THE DATA Start Marker
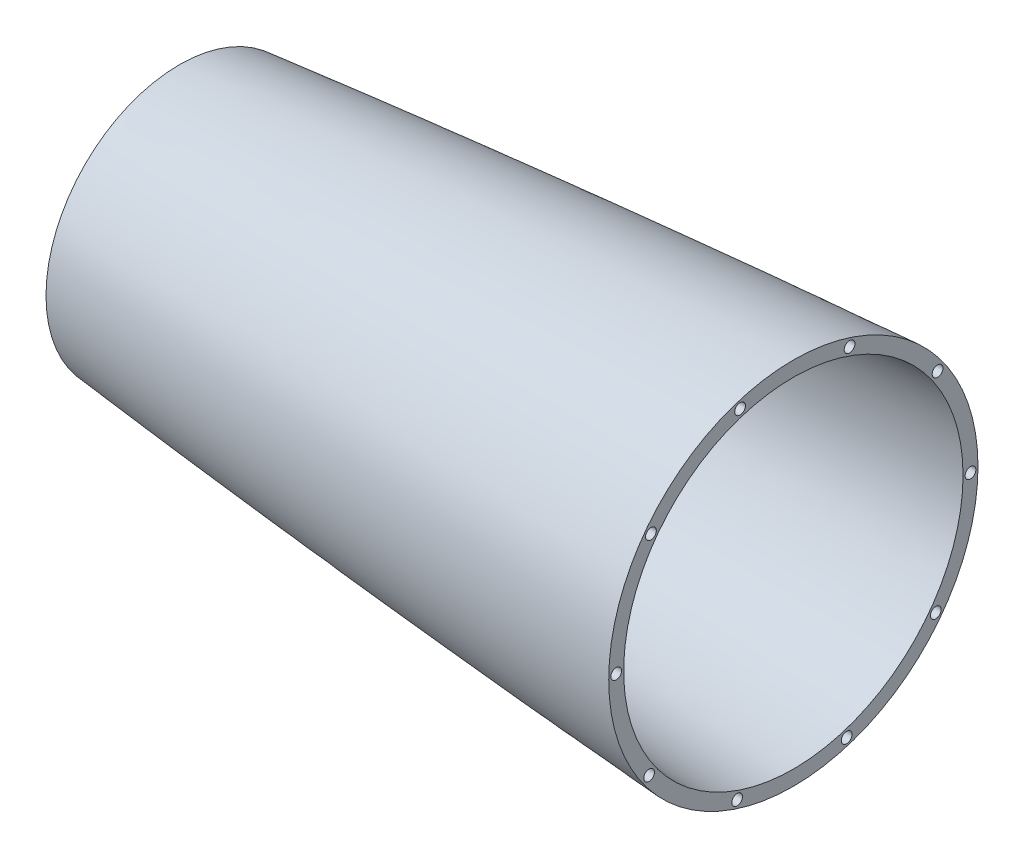
ISO-10303-21;
HEADER;
FILE_DESCRIPTION(('STEP AP214'),'2;1');
FILE_NAME('part.step','',(''),(''),'','','');
FILE_SCHEMA(('AUTOMOTIVE_DESIGN { 1 0 10303 214 1 1 1 1 }'));
ENDSEC;
DATA;
#1=APPLICATION_CONTEXT('core data for automotive mechanical design processes');
#2=APPLICATION_PROTOCOL_DEFINITION('international standard','automotive_design',2000,#1);
#3=PRODUCT_CONTEXT('',#1,'mechanical');
#4=PRODUCT('Part','Part','',(#3));
#5=PRODUCT_RELATED_PRODUCT_CATEGORY('part','',(#4));
#6=PRODUCT_DEFINITION_FORMATION('','',#4);
#7=PRODUCT_DEFINITION_CONTEXT('part definition',#1,'design');
#8=PRODUCT_DEFINITION('design','',#6,#7);
#9=PRODUCT_DEFINITION_SHAPE('','',#8);
#10=(LENGTH_UNIT() NAMED_UNIT(*) SI_UNIT(.MILLI.,.METRE.));
#11=(NAMED_UNIT(*) PLANE_ANGLE_UNIT() SI_UNIT($,.RADIAN.));
#12=(NAMED_UNIT(*) SI_UNIT($,.STERADIAN.) SOLID_ANGLE_UNIT());
#13=UNCERTAINTY_MEASURE_WITH_UNIT(LENGTH_MEASURE(1.E-05),#10,'distance_accuracy_value','');
#14=(GEOMETRIC_REPRESENTATION_CONTEXT(3) GLOBAL_UNCERTAINTY_ASSIGNED_CONTEXT((#13)) GLOBAL_UNIT_ASSIGNED_CONTEXT((#10,
#11,#12)) REPRESENTATION_CONTEXT('',''));
#15=CARTESIAN_POINT('',(0.,0.,0.));
#16=DIRECTION('',(0.,0.,1.));
#17=DIRECTION('',(1.,0.,0.));
#18=AXIS2_PLACEMENT_3D('',#15,#16,#17);
#19=CARTESIAN_POINT('',(-259.812483714893,11.460570284297,0.));
#20=CARTESIAN_POINT('',(-287.312106379697,10.5623408515305,0.));
#21=CARTESIAN_POINT('',(-342.298022137353,8.17156900853598,0.));
#22=CARTESIAN_POINT('',(-452.140135715747,1.83352473554385,0.));
#23=CARTESIAN_POINT('',(-589.280273051557,-8.5121188078909,0.));
#24=CARTESIAN_POINT('',(-726.176632388446,-21.7709007537404,0.));
#25=CARTESIAN_POINT('',(-835.465785428388,-34.5887261399924,0.));
#26=CARTESIAN_POINT('',(-890.027026606975,-41.9652027624198,0.));
#27=CARTESIAN_POINT('',(-917.245364412614,-46.0396236215406,0.));
#28=B_SPLINE_CURVE_WITH_KNOTS('',3,(#19,#20,#21,#22,#23,#24,#25,#26,#27),.UNSPECIFIED.,.F.,.F.,
(4,1,1,1,1,1,4),(0.121539177885851,0.200323508121493,0.279107838357135,0.436676498828419,
0.594245159299703,0.673029489535345,0.751813819770986),.UNSPECIFIED.);
#29=CARTESIAN_POINT('',(0.,-76.2,0.));
#30=DIRECTION('',(1.,0.,0.));
#31=AXIS1_PLACEMENT('',#29,#30);
#32=SURFACE_OF_REVOLUTION('',#28,#31);
#33=CARTESIAN_POINT('',(-699.4652,-76.2,0.));
#34=DIRECTION('',(1.,0.,0.));
#35=DIRECTION('',(0.,0.,-1.));
#36=AXIS2_PLACEMENT_3D('',#33,#34,#35);
#37=CIRCLE('',#36,56.7704938591752);
#38=CARTESIAN_POINT('',(-699.4652,-76.2,-56.7704938591752));
#39=VERTEX_POINT('',#38);
#40=EDGE_CURVE('E163',#39,#39,#37,.F.);
#41=ORIENTED_EDGE('',*,*,#40,.F.);
#42=EDGE_LOOP('',(#41));
#43=FACE_BOUND('',#42,.T.);
#44=CARTESIAN_POINT('',(-438.15,-76.2,0.));
#45=DIRECTION('',(1.,0.,0.));
#46=DIRECTION('',(0.,0.,-1.));
#47=AXIS2_PLACEMENT_3D('',#44,#45,#46);
#48=CIRCLE('',#47,78.5859575802931);
#49=CARTESIAN_POINT('',(-438.15,-76.2,-78.5859575802931));
#50=VERTEX_POINT('',#49);
#51=EDGE_CURVE('E10',#50,#50,#48,.F.);
#52=ORIENTED_EDGE('',*,*,#51,.T.);
#53=EDGE_LOOP('',(#52));
#54=FACE_BOUND('',#53,.T.);
#55=ADVANCED_FACE('F32',(#43,#54),#32,.F.);
#56=CARTESIAN_POINT('',(-259.605182082093,5.11395496327444,0.));
#57=CARTESIAN_POINT('',(-267.12768254606,4.86824499819252,0.));
#58=CARTESIAN_POINT('',(-283.426031509972,4.28566928092725,0.));
#59=CARTESIAN_POINT('',(-317.270262328934,2.88050564552106,0.));
#60=CARTESIAN_POINT('',(-361.130016616179,0.711244662128463,0.));
#61=CARTESIAN_POINT('',(-431.275457268552,-3.37195649395594,0.));
#62=CARTESIAN_POINT('',(-501.372917975129,-8.26687627302136,0.));
#63=CARTESIAN_POINT('',(-571.414486842692,-13.8916826479783,0.));
#64=CARTESIAN_POINT('',(-623.914744737059,-18.4776988889442,0.));
#65=CARTESIAN_POINT('',(-676.380314026956,-23.4393497952148,0.));
#66=CARTESIAN_POINT('',(-728.805663240347,-28.7990620723279,0.));
#67=CARTESIAN_POINT('',(-772.453634614019,-33.627485173269,0.));
#68=CARTESIAN_POINT('',(-807.341816529924,-37.7391545432386,0.));
#69=CARTESIAN_POINT('',(-833.490683910714,-40.9589001471484,0.));
#70=CARTESIAN_POINT('',(-859.619375691871,-44.3289411148186,0.));
#71=CARTESIAN_POINT('',(-885.723877264818,-47.8693351323976,0.));
#72=CARTESIAN_POINT('',(-904.61249297492,-50.577906922154,0.));
#73=CARTESIAN_POINT('',(-914.800968172167,-52.0944643953555,0.));
#74=CARTESIAN_POINT('',(-916.305282206307,-52.3196511250938,0.));
#75=B_SPLINE_CURVE_WITH_KNOTS('',3,(#56,#57,#58,#59,#60,#61,#62,#63,#64,#65,#66,#67,#68,#69,#70,
#71,#72,#73,#74),.UNSPECIFIED.,.F.,.F.,(4,1,1,1,1,1,1,1,1,1,1,1,1,1,1,1,4),(0.121539177885851,
0.143122913317239,0.168303261053087,0.218663956524784,0.26902465199648,0.369746042939873,
0.420106738411569,0.470467433883266,0.520828129354962,0.571188824826659,0.621549520298355,
0.646729868034203,0.671910215770052,0.6970905635059,0.722270911241748,0.747451258977596,
0.751813819770986),.UNSPECIFIED.);
#76=CARTESIAN_POINT('',(0.,-76.2,0.));
#77=DIRECTION('',(1.,0.,0.));
#78=AXIS1_PLACEMENT('',#76,#77);
#79=SURFACE_OF_REVOLUTION('',#75,#78);
#80=CARTESIAN_POINT('',(-699.4652,-76.2,0.));
#81=DIRECTION('',(1.,0.,0.));
#82=DIRECTION('',(0.,0.,-1.));
#83=AXIS2_PLACEMENT_3D('',#80,#81,#82);
#84=CIRCLE('',#83,50.3825636245439);
#85=CARTESIAN_POINT('',(-699.4652,-76.2,-50.3825636245439));
#86=VERTEX_POINT('',#85);
#87=EDGE_CURVE('E36',#86,#86,#84,.F.);
#88=ORIENTED_EDGE('',*,*,#87,.T.);
#89=EDGE_LOOP('',(#88));
#90=FACE_BOUND('',#89,.T.);
#91=CARTESIAN_POINT('',(-438.15,-76.2,0.));
#92=DIRECTION('',(1.,0.,0.));
#93=DIRECTION('',(0.,0.,-1.));
#94=AXIS2_PLACEMENT_3D('',#91,#92,#93);
#95=CIRCLE('',#94,72.2219194807445);
#96=CARTESIAN_POINT('',(-438.15,-76.2,-72.2219194807445));
#97=VERTEX_POINT('',#96);
#98=EDGE_CURVE('E40',#97,#97,#95,.F.);
#99=ORIENTED_EDGE('',*,*,#98,.F.);
#100=EDGE_LOOP('',(#99));
#101=FACE_BOUND('',#100,.T.);
#102=ADVANCED_FACE('F62',(#90,#101),#79,.T.);
#103=CARTESIAN_POINT('',(-438.15,-76.2,0.));
#104=DIRECTION('',(1.,0.,0.));
#105=DIRECTION('',(0.,0.,-1.));
#106=AXIS2_PLACEMENT_3D('',#103,#104,#105);
#107=PLANE('',#106);
#108=CARTESIAN_POINT('',(-438.15,-4.28598565713197,22.6744016257323));
#109=DIRECTION('',(1.,0.,0.));
#110=DIRECTION('',(0.,0.,-1.));
#111=AXIS2_PLACEMENT_3D('',#108,#109,#110);
#112=CIRCLE('',#111,2.286);
#113=CARTESIAN_POINT('',(-438.15,-4.28598565713197,20.3884016257323));
#114=VERTEX_POINT('',#113);
#115=EDGE_CURVE('E164',#114,#114,#112,.T.);
#116=ORIENTED_EDGE('',*,*,#115,.F.);
#117=EDGE_LOOP('',(#116));
#118=FACE_BOUND('',#117,.T.);
#119=CARTESIAN_POINT('',(-438.15,-31.3480191430601,60.6139733163877));
#120=DIRECTION('',(1.,0.,0.));
#121=DIRECTION('',(0.,0.,-1.));
#122=AXIS2_PLACEMENT_3D('',#119,#120,#121);
#123=CIRCLE('',#122,2.286);
#124=CARTESIAN_POINT('',(-438.15,-31.3480191430601,58.3279733163877));
#125=VERTEX_POINT('',#124);
#126=EDGE_CURVE('E216',#125,#125,#123,.T.);
#127=ORIENTED_EDGE('',*,*,#126,.F.);
#128=EDGE_LOOP('',(#127));
#129=FACE_BOUND('',#128,.T.);
#130=CARTESIAN_POINT('',(-438.15,-75.5419848535801,75.4010673933609));
#131=DIRECTION('',(1.,0.,0.));
#132=DIRECTION('',(0.,0.,-1.));
#133=AXIS2_PLACEMENT_3D('',#130,#131,#132);
#134=CIRCLE('',#133,2.286);
#135=CARTESIAN_POINT('',(-438.15,-75.5419848535801,73.1150673933609));
#136=VERTEX_POINT('',#135);
#137=EDGE_CURVE('E210',#136,#136,#134,.T.);
#138=ORIENTED_EDGE('',*,*,#137,.F.);
#139=EDGE_LOOP('',(#138));
#140=FACE_BOUND('',#139,.T.);
#141=CARTESIAN_POINT('',(-438.15,-119.987289984921,61.3875165140904));
#142=DIRECTION('',(1.,0.,0.));
#143=DIRECTION('',(0.,0.,-1.));
#144=AXIS2_PLACEMENT_3D('',#141,#142,#143);
#145=CIRCLE('',#144,2.28599999999998);
#146=CARTESIAN_POINT('',(-438.15,-119.987289984921,59.1015165140904));
#147=VERTEX_POINT('',#146);
#148=EDGE_CURVE('E204',#147,#147,#145,.T.);
#149=ORIENTED_EDGE('',*,*,#148,.F.);
#150=EDGE_LOOP('',(#149));
#151=FACE_BOUND('',#150,.T.);
#152=CARTESIAN_POINT('',(-438.15,-147.70733861727,23.9260208113815));
#153=DIRECTION('',(1.,0.,0.));
#154=DIRECTION('',(0.,0.,-1.));
#155=AXIS2_PLACEMENT_3D('',#152,#153,#154);
#156=CIRCLE('',#155,2.286);
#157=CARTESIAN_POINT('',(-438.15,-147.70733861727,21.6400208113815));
THE DATA End Marker
Write out the lines above from the one containing "#149=ORIENTED_EDGE('',*,*,#148,.F.);" through the last, exactly as they are.

— EXERCISE SOLUTION —
#149=ORIENTED_EDGE('',*,*,#148,.F.);
#150=EDGE_LOOP('',(#149));
#151=FACE_BOUND('',#150,.T.);
#152=CARTESIAN_POINT('',(-438.15,-147.70733861727,23.9260208113815));
#153=DIRECTION('',(1.,0.,0.));
#154=DIRECTION('',(0.,0.,-1.));
#155=AXIS2_PLACEMENT_3D('',#152,#153,#154);
#156=CIRCLE('',#155,2.286);
#157=CARTESIAN_POINT('',(-438.15,-147.70733861727,21.6400208113815));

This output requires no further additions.